— Послушай, — начал он, — я тоже не мог снять маску, а все-таки рискнул. Когда я вошел в зал, ко мне бросился патруль с криком «Снять маску!». Я объяснил, что не могу, нет у меня маски. Они рванули на мне рубашку, чтобы взглянуть на мое левое плечо, а потом стали толкать меня, перебрасывая от одного к другому и крича: «Фабричная марка! Где твоя фабричная марка?» Я ответил, что у меня ее никогда не было, а они принялись насмехаться надо мной и обзывать незаконнорожденным.

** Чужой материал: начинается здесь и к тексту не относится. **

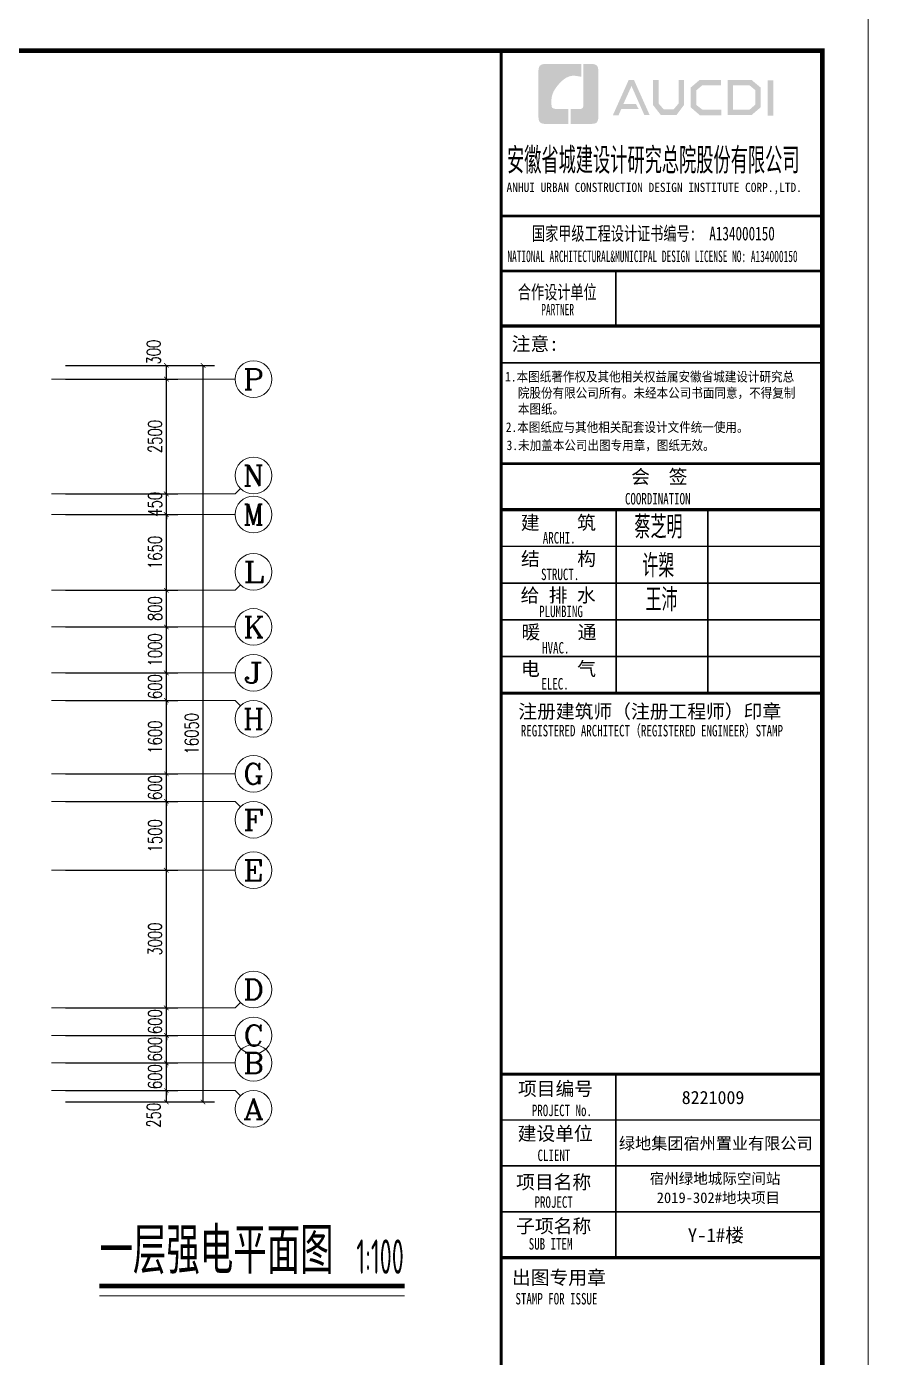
# Model space of a CAD drawing. Extents: x 3753737 to 4713801, y -857380 to 24339.
# Drawn here: x 4092367 to 4111218, y -718726 to -689729 of the extents above; entities that cross this region are included whole.
import ezdxf
from ezdxf.enums import TextEntityAlignment as Align

# ---------------------------------------------------------------- set-up
doc = ezdxf.new("R2010")
doc.units = 0
doc.header["$LTSCALE"] = 1000
doc.header["$MEASUREMENT"] = 0
doc.layers.get('0').update_dxf_attribs({"linetype": 'CONTINUOUS'})
doc.layers.get('Defpoints').update_dxf_attribs({"linetype": 'CONTINUOUS'})
for name, color, linetype in [('!!电气', 1, 'CONTINUOUS'), ('PUB_TITLE', 4, 'CONTINUOUS'), ('图签文字', 4, 'CONTINUOUS')]:
    doc.layers.add(name, color=color, linetype=linetype)
for name, color, linetype, lineweight in [('AXIS', 114, 'CONTINUOUS', 20), ('AXIS_TEXT', 7, 'CONTINUOUS', 20), ('DIM_SYMB', 252, 'CONTINUOUS', 20), ('图框', 147, 'CONTINUOUS', 20), ('图签', 147, 'CONTINUOUS', 18)]:
    doc.layers.add(name, color=color, linetype=linetype, lineweight=lineweight)
doc.styles.add('_TCH_AXIS', font='COMPLEX', dxfattribs={"bigfont": 'GBCBIG'})
doc.styles.add('_TCH_DIM_T3', font='SIMPLEX.shx', dxfattribs={"width": 0.705882, "bigfont": 'GBCBIG.shx'})
doc.styles.add('COMPLEX', font='COMPLEX')
doc.styles.add('HT', font='simhei.ttf')
doc.styles.get("Standard").update_dxf_attribs({"font": 'gbenor.shx', "bigfont": 'gbcbig.shx'})
doc.styles.add('宋体', font='', dxfattribs={"height": 4})
doc.styles.add('建筑图签-1', font='simhei.ttf', dxfattribs={"width": 0.7})
doc.styles.add('建筑图签-2', font='TXT.shx', dxfattribs={"width": 0.5, "bigfont": 'HZTXT.shx'})
doc.styles.get('宋体').set_extended_font_data('SimSun')
doc.dimstyles.new('_TCH_ARCH&&100', dxfattribs={"dimtxt": 297.5, "dimasz": 100, "dimexe": 250, "dimexo": 300, "dimgap": 100, "dimtad": 1, "dimdec": 0, "dimzin": 0, "dimdsep": 46, "dimtxsty": '_TCH_DIM_T3', "dimblk": 'ARCHTICK', "dimcen": 0.09, "dimclrt": 7, "dimazin": 2, "dimtfac": 1, "dimtdec": 0, "dimtix": 1, "dimtmove": 2, "dimatfit": 3, "dimfxl": 1, "dimtolj": 1, "dimtzin": 0, "dimarcsym": 0})

# ---------------------------------------------------------------- blocks, each defined once
blk = doc.blocks.new('_ArchTick')
at = {"color": 0, "linetype": 'ByBlock', "const_width": 0.15}
blk.add_lwpolyline([(-0.5, -0.5), (0.5, 0.5)], dxfattribs=at)
blk = doc.blocks.new('*D648')
at = {"layer": 'AXIS', "color": 0, "lineweight": -2, "transparency": 16777216}
for p, q in [((52300, 15800), (55550, 15800)), ((55300, -250), (55300, 15800)), ((52300, -250), (55550, -250))]:
    blk.add_line(p, q, dxfattribs=at)
at = {"layer": 'Defpoints', "color": 0, "transparency": 16777216}
for p in [(52000, 15800), (55300, 15800), (52000, -250)]:
    blk.add_point(p, dxfattribs=at)
at = {"layer": 'AXIS', "color": 0, "lineweight": -2, "transparency": 16777216, "xscale": 100, "yscale": 100, "zscale": 100}
for p, rotation in [((55300, 15800), 90), ((55300, -250), 270)]:
    blk.add_blockref('_ArchTick', p, dxfattribs=dict(at, rotation=rotation))
at = {"layer": 'AXIS', "color": 7, "transparency": 16777216, "insert": (55051, 7775), "char_height": 297.5, "attachment_point": 5, "rotation": 90, "style": '_TCH_DIM_T3'}
blk.add_mtext('\\A1;16050', dxfattribs=at)
blk = doc.blocks.new('*D649')
at = {"layer": 'AXIS', "color": 0, "lineweight": -2, "transparency": 16777216}
for p, q in [((52300, 0), (54750, 0)), ((52300, -250), (54750, -250)), ((54500, -250), (54500, 0))]:
    blk.add_line(p, q, dxfattribs=at)
at = {"layer": 'Defpoints', "color": 0, "transparency": 16777216}
for p in [(52000, 0), (52000, -250), (54500, 0)]:
    blk.add_point(p, dxfattribs=at)
at = {"layer": 'AXIS', "color": 0, "lineweight": -2, "transparency": 16777216, "xscale": 100, "yscale": 100, "zscale": 100}
for p, rotation in [((54500, 0), 90), ((54500, -250), 270)]:
    blk.add_blockref('_ArchTick', p, dxfattribs=dict(at, rotation=rotation))
at = {"layer": 'AXIS', "color": 7, "transparency": 16777216, "insert": (54225, -539), "char_height": 297.5, "attachment_point": 5, "rotation": 90, "style": '_TCH_DIM_T3'}
blk.add_mtext('\\A1;250', dxfattribs=at)
blk = doc.blocks.new('*D650')
at = {"layer": 'AXIS', "color": 0, "lineweight": -2, "transparency": 16777216}
for p, q in [((52300, 600), (54750, 600)), ((54500, 600), (54500, 700)), ((54500, 0), (54500, 600)), ((52300, 0), (54750, 0)), ((54500, 0), (54500, -100))]:
    blk.add_line(p, q, dxfattribs=at)
at = {"layer": 'Defpoints', "color": 0, "transparency": 16777216}
for p in [(52000, 600), (54500, 600), (52000, 0)]:
    blk.add_point(p, dxfattribs=at)
at = {"layer": 'AXIS', "color": 0, "lineweight": -2, "transparency": 16777216, "xscale": 100, "yscale": 100, "zscale": 100}
for p, rotation in [((54500, 600), 270), ((54500, 0), 90)]:
    blk.add_blockref('_ArchTick', p, dxfattribs=dict(at, rotation=rotation))
at = {"layer": 'AXIS', "color": 7, "transparency": 16777216, "insert": (54251, 300), "char_height": 297.5, "attachment_point": 5, "rotation": 90, "style": '_TCH_DIM_T3'}
blk.add_mtext('\\A1;600', dxfattribs=at)
blk = doc.blocks.new('*D651')
at = {"layer": 'AXIS', "color": 0, "lineweight": -2, "transparency": 16777216}
for p, q in [((52300, 1200), (54750, 1200)), ((54500, 1200), (54500, 1300)), ((54500, 600), (54500, 1200)), ((52300, 600), (54750, 600)), ((54500, 600), (54500, 500))]:
    blk.add_line(p, q, dxfattribs=at)
at = {"layer": 'Defpoints', "color": 0, "transparency": 16777216}
for p in [(52000, 1200), (54500, 1200), (52000, 600)]:
    blk.add_point(p, dxfattribs=at)
at = {"layer": 'AXIS', "color": 0, "lineweight": -2, "transparency": 16777216, "xscale": 100, "yscale": 100, "zscale": 100}
for p, rotation in [((54500, 1200), 270), ((54500, 600), 90)]:
    blk.add_blockref('_ArchTick', p, dxfattribs=dict(at, rotation=rotation))
at = {"layer": 'AXIS', "color": 7, "transparency": 16777216, "insert": (54251, 900), "char_height": 297.5, "attachment_point": 5, "rotation": 90, "style": '_TCH_DIM_T3'}
blk.add_mtext('\\A1;600', dxfattribs=at)
blk = doc.blocks.new('*D652')
at = {"layer": 'AXIS', "color": 0, "lineweight": -2, "transparency": 16777216}
for p, q in [((52300, 1800), (54750, 1800)), ((54500, 1800), (54500, 1900)), ((54500, 1200), (54500, 1800)), ((52300, 1200), (54750, 1200)), ((54500, 1200), (54500, 1100))]:
    blk.add_line(p, q, dxfattribs=at)
at = {"layer": 'Defpoints', "color": 0, "transparency": 16777216}
for p in [(52000, 1800), (54500, 1800), (52000, 1200)]:
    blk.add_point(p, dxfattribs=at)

Так и выгнали меня с этого бала. Но я и без них знаю, что родился не на фабрике, у меня была мать.
— А что такое «мать»? — сквозь слезы спросила девушка.
— Как бы тебе объяснить… Мать — это вроде как фабрика, только она выполняет свою работу дома. А ведь я вижу по тебе, ты тоже родилась от матери. Когда я был маленький, я очень гордился, что я не такой, как все, но окружающие сторонились меня и презирали. Тогда я сбежал от матери. После этого мне жилось спокойнее, а теперь вот снова то же самое.
Девушка глубоко вздохнула вместе с ним, и ее мягкая ручка легла на левое плечо юноши.
Пролетела ночь. И как же они благодарили судьбу за то, что не были искусственными существами, выпущенными на фабрике.
Амстердам
Каждый амстердамец знает Дом Четырех Братьев на углу Херенхрахт и Лейдсехрахт и наверняка с восхищением разглядывал цветную композицию — четверку братьев на рослом коне.
Красивый фронтон — напоминание о захватывающей истории — так сильно приковывает к себе внимание большинства людей, что, проходя мимо двух соседних домов, они едва успевают опомниться. А жаль, ведь эти дома относятся к числу самых достопримечательных зданий нашего города, и с ними связана не менее захватывающая, я бы даже сказал, более поучительная для амстердамцев повесть, чем история о четырех братьях.
Эти дома — близнецы, и денег на их постройку явно не пожалели.
Об этом говорит и широта замысла, и роскошные орнаменты из лепных цветов и фруктов, наконец, достаточно упомянуть имя Юстуса Винкбонса,[101]
того самого, что построил для стальных королей XVII века братьев Трип величественное здание на Кловенирсбюрхвал, которое прежде вполне заслуженно называли дворцом.Наверху, стоя в висячем саду, приветствуют друг друга поклоном две юные пары, по одной на каждом доме.
Справа от конька крыш — женщины в атласе и шелках, слева — мужчины в сукне и кружевах.
Не боги и не богини, не символы торговли или мореплавания, а скульптурные портреты молодых людей, для которых были построены эти дома и которые поселились здесь в 1670 году.
Хотя сами скульптуры не символы, вовсе без символики в те времена еще не обходились. Брачные узы изображал протянутый между мужем и женой канат, высеченный из камня. Это единственная прямая и строгая линия средь пышных орнаментов.
Но у одной пары, той, что на доме номер 392, канат позднее удалили зубилом и в руках ничего теперь нет. Их жесты наводят теперь на мысль о том, что эти двое либо стремятся соединить себя узами, либо презрительно отбросили их прочь, что уз
А вот вам повесть о чете, уже не связанной канатом. История о том, как красота Амстердама разрушила семью.
Говорят, жизнь человека становится порой средоточием счастья. Куда бы ни бросил он взгляд: в прошлое, настоящее или будущее — повсюду встречает его яркий луч света. Он укрыт в замке благополучия, и ничто ему не грозит. Это ощущение на редкость коварно, ибо человек начинает считать свою особу бриллиантом, а окружающий мир — лишь оправой.
Был такой период и в жизни Элеоноры ван Расфелт.
Куда ни посмотрит: вперед, назад или по сторонам — нигде не попадалось ей ни облачка, ни пятнышка.
Она росла далеко от города, среди цветущих растений, короче говоря, среди зелени, под голубым простором небес, а в плохую погоду укрывалась в родительском доме — наполовину средневековом замке, наполовину дворце с большим парком.